**Task prompt:** This exercise asks for a copy of each line in the records below with the word "linetype" in it.

**Records shown:**

☆ ☆ ☆ ☆ ☆

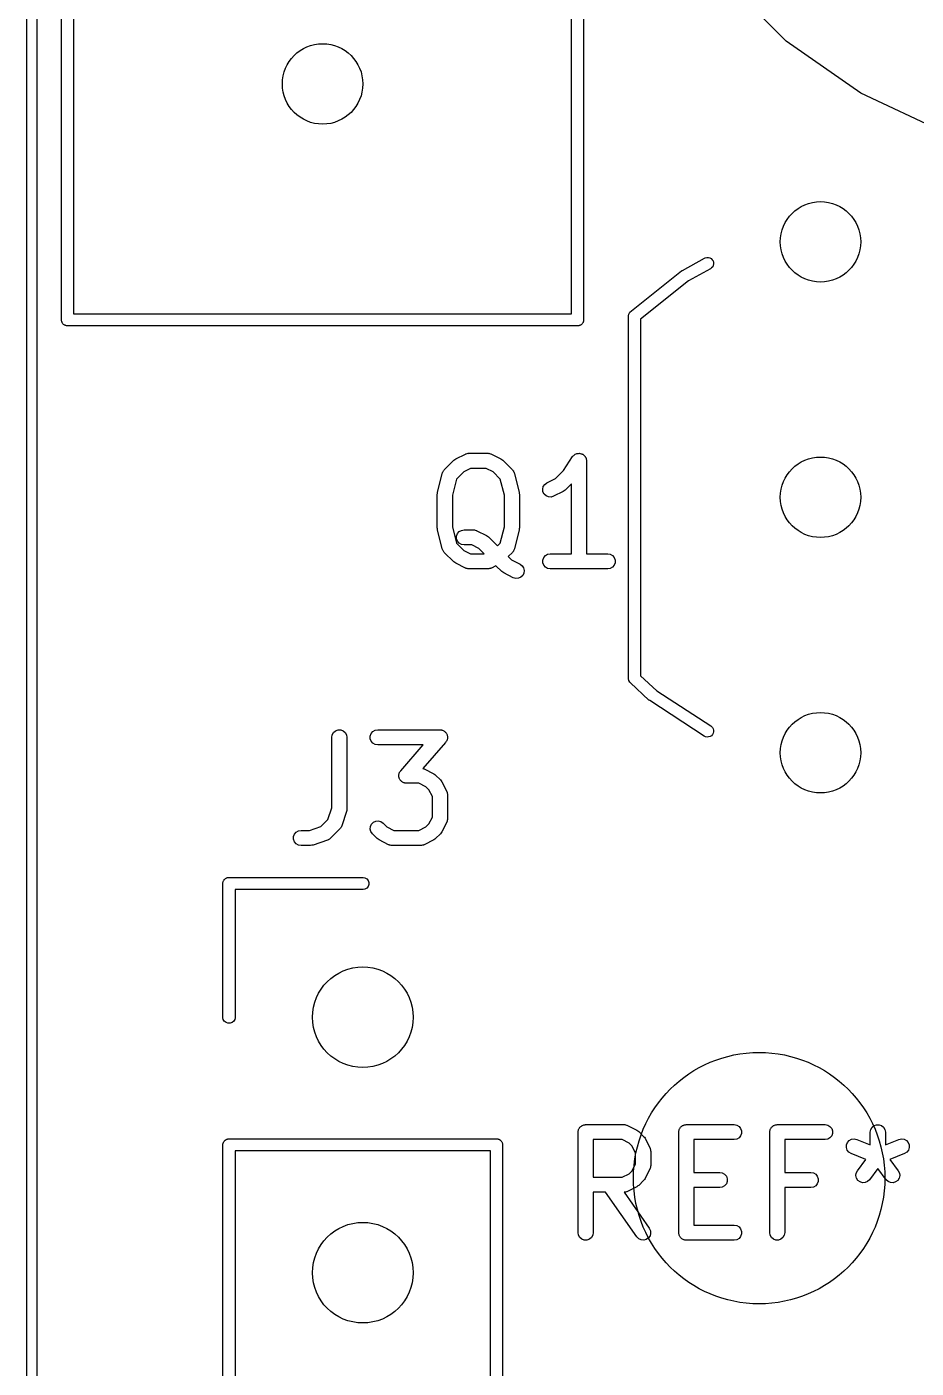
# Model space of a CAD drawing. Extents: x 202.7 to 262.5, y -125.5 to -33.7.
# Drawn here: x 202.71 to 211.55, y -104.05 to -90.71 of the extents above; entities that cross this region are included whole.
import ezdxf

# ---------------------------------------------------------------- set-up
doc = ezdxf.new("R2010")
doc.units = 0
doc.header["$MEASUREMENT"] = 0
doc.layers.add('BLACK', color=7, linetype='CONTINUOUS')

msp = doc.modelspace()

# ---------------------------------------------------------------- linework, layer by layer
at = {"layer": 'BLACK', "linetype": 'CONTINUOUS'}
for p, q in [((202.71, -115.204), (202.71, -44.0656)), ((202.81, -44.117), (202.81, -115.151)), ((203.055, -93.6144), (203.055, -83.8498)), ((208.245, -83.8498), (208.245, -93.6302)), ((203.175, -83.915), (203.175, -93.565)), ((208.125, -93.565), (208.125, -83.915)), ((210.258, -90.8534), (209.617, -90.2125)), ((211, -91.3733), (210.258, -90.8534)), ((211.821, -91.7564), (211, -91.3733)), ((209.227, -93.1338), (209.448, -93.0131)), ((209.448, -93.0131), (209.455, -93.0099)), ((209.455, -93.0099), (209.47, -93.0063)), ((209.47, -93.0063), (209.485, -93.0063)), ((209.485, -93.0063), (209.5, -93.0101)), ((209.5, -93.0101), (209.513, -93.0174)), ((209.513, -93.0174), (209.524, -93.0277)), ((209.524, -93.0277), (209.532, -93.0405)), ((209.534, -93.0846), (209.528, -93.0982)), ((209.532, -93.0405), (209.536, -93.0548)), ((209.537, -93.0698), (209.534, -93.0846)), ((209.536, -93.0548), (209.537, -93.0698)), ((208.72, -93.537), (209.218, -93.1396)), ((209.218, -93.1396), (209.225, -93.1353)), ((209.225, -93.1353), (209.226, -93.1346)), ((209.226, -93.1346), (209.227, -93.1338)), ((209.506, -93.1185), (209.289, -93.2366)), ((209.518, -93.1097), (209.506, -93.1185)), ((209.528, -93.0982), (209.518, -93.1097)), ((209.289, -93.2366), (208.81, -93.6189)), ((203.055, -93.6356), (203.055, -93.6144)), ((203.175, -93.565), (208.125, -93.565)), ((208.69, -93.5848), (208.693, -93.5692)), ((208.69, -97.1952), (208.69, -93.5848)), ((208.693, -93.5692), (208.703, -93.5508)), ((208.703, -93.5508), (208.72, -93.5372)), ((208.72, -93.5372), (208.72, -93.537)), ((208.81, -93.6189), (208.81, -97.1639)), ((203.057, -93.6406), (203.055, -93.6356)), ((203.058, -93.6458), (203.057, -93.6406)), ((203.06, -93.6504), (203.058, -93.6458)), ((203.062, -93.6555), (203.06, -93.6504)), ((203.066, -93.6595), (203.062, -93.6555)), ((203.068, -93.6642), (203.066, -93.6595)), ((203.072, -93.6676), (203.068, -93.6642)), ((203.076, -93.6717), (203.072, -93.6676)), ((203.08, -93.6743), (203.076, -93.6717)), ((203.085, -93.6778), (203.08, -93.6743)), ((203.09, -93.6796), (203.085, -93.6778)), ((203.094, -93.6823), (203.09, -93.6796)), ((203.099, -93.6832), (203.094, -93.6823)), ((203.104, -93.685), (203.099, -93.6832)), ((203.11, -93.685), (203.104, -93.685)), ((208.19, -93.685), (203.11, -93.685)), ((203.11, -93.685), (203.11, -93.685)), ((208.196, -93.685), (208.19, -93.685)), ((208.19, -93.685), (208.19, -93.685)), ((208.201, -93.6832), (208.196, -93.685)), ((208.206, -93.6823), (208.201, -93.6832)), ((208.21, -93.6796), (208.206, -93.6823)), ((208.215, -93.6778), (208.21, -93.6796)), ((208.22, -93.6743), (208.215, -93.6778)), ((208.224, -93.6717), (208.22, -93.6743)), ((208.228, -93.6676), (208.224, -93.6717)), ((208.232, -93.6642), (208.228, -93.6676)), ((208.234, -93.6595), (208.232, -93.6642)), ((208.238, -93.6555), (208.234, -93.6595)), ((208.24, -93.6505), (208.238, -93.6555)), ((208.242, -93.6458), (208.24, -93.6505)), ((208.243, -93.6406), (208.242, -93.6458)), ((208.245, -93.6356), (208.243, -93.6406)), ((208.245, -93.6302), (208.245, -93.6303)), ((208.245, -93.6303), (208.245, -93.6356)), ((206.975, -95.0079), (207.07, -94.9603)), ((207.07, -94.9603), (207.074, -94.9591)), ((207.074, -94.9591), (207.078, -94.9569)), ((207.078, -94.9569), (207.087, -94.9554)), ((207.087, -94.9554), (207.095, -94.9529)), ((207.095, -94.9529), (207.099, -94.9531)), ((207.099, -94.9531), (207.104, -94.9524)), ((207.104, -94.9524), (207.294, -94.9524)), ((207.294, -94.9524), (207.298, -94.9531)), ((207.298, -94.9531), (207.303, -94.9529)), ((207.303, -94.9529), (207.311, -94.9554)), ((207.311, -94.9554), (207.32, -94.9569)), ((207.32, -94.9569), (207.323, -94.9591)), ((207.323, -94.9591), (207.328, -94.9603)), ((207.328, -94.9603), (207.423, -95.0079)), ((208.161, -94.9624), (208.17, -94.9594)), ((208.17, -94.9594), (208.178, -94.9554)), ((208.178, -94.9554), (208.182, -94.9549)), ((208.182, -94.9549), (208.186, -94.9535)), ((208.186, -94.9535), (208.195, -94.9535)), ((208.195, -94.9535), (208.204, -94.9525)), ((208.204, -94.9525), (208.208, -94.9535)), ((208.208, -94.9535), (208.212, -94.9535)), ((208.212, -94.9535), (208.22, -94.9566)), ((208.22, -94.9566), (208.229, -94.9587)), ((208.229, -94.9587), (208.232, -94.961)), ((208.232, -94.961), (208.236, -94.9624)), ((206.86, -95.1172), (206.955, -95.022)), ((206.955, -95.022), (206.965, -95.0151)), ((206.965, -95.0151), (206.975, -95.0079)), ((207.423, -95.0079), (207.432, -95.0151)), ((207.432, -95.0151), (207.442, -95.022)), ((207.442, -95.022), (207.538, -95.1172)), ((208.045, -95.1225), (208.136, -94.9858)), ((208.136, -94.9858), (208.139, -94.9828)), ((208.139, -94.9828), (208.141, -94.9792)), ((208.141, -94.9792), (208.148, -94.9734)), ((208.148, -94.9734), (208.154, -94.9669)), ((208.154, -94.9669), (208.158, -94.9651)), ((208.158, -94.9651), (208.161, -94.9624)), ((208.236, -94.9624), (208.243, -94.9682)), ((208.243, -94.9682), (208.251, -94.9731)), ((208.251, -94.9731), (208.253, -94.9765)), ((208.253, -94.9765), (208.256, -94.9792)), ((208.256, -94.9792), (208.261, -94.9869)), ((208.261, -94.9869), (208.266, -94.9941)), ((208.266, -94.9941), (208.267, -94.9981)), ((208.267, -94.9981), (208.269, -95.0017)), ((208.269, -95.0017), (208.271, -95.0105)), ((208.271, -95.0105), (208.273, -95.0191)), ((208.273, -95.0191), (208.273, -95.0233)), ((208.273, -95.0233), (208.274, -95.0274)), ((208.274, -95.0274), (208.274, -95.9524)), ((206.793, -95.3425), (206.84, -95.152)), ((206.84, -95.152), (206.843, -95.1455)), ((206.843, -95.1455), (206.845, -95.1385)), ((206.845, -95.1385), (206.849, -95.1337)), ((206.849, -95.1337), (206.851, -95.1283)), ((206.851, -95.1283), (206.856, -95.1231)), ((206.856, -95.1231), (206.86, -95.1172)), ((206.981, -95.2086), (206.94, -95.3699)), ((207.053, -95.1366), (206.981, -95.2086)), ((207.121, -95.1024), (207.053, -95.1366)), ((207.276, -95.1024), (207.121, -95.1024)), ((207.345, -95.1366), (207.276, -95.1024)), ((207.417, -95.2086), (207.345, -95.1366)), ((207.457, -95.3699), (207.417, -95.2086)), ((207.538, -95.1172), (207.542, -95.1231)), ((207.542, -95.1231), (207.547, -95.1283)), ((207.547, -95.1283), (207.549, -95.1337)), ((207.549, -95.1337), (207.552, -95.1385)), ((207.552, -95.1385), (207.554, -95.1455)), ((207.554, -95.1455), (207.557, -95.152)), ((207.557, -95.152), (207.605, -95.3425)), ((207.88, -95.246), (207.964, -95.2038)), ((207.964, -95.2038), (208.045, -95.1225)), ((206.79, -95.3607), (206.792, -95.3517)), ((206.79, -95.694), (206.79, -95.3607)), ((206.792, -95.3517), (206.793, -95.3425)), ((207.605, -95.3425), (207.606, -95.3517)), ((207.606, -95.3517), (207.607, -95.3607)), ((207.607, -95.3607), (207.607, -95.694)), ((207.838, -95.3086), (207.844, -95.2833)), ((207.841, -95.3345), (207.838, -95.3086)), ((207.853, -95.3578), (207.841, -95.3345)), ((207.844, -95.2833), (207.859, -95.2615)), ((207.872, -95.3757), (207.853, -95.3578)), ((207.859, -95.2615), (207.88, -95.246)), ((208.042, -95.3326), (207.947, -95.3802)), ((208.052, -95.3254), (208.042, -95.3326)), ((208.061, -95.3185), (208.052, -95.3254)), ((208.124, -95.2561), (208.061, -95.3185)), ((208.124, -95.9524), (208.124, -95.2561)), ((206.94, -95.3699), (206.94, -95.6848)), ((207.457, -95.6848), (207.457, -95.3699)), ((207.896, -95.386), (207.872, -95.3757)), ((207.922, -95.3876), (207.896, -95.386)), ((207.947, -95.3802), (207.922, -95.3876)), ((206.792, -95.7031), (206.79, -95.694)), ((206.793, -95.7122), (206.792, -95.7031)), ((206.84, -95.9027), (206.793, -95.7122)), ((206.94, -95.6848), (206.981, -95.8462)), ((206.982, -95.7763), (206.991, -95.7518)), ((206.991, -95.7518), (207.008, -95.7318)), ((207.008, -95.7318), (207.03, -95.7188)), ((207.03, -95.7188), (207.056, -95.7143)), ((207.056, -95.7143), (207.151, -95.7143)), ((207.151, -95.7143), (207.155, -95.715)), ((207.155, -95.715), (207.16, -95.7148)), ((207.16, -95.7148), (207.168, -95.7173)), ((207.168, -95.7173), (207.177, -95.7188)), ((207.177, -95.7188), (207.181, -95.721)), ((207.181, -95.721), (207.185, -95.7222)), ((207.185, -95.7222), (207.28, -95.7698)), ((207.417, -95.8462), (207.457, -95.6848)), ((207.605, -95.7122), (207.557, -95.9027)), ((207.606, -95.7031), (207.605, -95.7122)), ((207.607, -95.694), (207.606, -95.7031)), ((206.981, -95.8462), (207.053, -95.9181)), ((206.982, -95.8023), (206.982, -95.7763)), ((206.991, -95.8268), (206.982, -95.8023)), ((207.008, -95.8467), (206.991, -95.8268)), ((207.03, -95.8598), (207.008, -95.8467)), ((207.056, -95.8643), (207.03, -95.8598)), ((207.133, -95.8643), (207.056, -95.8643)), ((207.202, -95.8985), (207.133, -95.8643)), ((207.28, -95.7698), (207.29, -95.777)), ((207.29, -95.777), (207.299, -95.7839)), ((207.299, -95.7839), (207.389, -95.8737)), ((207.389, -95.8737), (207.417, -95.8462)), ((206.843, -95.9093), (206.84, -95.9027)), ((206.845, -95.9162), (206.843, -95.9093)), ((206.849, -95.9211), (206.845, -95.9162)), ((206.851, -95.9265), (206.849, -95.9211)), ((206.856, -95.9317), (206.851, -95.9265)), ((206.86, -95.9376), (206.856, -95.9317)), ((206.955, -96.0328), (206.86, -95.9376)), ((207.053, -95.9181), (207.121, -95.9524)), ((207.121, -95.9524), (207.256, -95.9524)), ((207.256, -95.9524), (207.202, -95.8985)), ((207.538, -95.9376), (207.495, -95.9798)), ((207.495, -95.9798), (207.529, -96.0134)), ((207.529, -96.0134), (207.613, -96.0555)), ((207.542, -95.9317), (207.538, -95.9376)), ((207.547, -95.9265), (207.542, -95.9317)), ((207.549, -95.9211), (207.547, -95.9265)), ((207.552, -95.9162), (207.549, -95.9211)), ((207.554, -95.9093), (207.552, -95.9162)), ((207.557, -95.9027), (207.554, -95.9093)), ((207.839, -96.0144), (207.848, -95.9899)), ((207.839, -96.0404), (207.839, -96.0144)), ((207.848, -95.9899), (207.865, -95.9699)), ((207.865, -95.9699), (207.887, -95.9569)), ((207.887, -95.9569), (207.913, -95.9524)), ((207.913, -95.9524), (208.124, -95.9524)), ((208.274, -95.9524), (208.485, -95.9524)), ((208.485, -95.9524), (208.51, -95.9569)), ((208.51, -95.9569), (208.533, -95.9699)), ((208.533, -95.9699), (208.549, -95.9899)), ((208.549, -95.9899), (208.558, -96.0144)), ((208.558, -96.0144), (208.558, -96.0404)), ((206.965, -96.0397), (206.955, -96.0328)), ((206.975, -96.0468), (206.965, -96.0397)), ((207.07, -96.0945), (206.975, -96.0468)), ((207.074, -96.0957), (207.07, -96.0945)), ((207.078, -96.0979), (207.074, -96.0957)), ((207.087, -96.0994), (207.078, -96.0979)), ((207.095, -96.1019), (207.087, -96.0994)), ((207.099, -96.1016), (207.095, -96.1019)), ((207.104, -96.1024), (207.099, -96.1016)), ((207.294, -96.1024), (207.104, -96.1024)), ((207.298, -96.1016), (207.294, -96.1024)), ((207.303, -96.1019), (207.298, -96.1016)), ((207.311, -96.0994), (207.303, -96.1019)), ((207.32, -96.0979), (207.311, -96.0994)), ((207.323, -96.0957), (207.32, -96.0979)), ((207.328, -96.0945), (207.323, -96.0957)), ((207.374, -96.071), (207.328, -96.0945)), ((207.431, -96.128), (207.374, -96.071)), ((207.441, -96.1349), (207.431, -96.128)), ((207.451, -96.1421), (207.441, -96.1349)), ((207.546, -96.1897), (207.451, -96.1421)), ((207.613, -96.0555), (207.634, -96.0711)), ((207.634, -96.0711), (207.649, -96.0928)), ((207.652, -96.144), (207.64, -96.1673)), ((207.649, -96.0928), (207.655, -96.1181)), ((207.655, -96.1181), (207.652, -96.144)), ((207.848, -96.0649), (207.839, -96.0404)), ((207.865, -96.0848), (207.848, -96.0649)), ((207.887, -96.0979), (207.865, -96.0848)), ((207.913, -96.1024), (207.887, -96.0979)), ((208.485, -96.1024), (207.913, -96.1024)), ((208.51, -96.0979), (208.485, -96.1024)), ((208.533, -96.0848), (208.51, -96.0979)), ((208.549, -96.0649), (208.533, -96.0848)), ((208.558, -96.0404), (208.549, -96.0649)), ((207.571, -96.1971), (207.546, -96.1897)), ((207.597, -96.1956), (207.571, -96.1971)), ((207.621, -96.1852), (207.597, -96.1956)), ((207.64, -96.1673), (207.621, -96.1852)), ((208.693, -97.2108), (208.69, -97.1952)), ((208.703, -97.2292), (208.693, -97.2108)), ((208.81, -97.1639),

☆ ☆ ☆ ☆ ☆

**Task response:**
doc.layers.add('BLACK', color=7, linetype='CONTINUOUS')
at = {"layer": 'BLACK', "linetype": 'CONTINUOUS'}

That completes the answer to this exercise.